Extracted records
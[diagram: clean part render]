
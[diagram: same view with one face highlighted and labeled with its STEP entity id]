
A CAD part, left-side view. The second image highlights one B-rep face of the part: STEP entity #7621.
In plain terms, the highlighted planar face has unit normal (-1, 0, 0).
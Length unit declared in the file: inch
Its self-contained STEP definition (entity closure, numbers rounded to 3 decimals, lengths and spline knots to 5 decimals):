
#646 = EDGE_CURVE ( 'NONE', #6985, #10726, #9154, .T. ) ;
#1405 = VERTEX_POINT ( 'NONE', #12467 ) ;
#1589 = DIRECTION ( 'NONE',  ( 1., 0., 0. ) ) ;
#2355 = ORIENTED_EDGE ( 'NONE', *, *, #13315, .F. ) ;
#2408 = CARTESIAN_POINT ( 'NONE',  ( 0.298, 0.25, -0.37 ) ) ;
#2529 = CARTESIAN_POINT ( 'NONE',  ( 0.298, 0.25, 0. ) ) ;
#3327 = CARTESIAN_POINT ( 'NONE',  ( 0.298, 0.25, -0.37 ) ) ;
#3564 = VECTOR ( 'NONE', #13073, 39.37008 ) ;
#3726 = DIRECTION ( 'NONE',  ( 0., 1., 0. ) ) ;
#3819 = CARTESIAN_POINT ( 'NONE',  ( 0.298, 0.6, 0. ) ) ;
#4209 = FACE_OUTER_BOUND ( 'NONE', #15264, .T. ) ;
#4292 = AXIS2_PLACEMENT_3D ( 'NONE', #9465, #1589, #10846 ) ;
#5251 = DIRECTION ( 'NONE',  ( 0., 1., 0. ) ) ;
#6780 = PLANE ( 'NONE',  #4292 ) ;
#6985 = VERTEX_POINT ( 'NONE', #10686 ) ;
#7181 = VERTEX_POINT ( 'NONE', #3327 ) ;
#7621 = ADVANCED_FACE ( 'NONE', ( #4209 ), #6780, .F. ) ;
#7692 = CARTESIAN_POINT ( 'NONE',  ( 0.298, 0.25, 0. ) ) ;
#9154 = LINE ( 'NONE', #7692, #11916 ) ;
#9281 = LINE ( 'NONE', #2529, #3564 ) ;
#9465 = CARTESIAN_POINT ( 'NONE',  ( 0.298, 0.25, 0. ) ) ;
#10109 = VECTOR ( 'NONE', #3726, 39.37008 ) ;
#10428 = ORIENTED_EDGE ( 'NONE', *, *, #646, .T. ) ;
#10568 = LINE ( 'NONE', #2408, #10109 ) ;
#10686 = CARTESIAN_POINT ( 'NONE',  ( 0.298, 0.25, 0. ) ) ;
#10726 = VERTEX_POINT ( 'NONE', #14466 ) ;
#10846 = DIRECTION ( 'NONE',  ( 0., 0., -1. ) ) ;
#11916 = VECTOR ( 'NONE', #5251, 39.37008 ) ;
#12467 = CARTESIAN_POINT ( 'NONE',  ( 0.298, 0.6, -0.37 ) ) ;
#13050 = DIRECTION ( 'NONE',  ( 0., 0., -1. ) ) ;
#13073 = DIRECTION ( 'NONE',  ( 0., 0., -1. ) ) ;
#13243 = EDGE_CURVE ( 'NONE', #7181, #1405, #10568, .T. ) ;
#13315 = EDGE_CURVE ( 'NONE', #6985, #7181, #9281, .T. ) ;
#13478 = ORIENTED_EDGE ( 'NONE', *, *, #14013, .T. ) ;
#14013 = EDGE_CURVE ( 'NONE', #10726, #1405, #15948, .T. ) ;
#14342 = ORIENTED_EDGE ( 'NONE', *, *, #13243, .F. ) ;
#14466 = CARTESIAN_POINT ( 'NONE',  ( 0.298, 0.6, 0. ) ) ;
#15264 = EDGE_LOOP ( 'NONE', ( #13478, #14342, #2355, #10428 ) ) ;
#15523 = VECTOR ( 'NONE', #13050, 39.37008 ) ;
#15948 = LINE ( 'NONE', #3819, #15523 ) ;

Problem requirements: Return the lines beginning at the one that contains "#13050 = DIRECTION" and continuing through the last line of the data, exactly as they stand and without any others.

Answer space:
#13050 = DIRECTION ( 'NONE',  ( 0., 0., -1. ) ) ;
#13073 = DIRECTION ( 'NONE',  ( 0., 0., -1. ) ) ;
#13243 = EDGE_CURVE ( 'NONE', #7181, #1405, #10568, .T. ) ;
#13315 = EDGE_CURVE ( 'NONE', #6985, #7181, #9281, .T. ) ;
#13478 = ORIENTED_EDGE ( 'NONE', *, *, #14013, .T. ) ;
#14013 = EDGE_CURVE ( 'NONE', #10726, #1405, #15948, .T. ) ;
#14342 = ORIENTED_EDGE ( 'NONE', *, *, #13243, .F. ) ;
#14466 = CARTESIAN_POINT ( 'NONE',  ( 0.298, 0.6, 0. ) ) ;
#15264 = EDGE_LOOP ( 'NONE', ( #13478, #14342, #2355, #10428 ) ) ;
#15523 = VECTOR ( 'NONE', #13050, 39.37008 ) ;
#15948 = LINE ( 'NONE', #3819, #15523 ) ;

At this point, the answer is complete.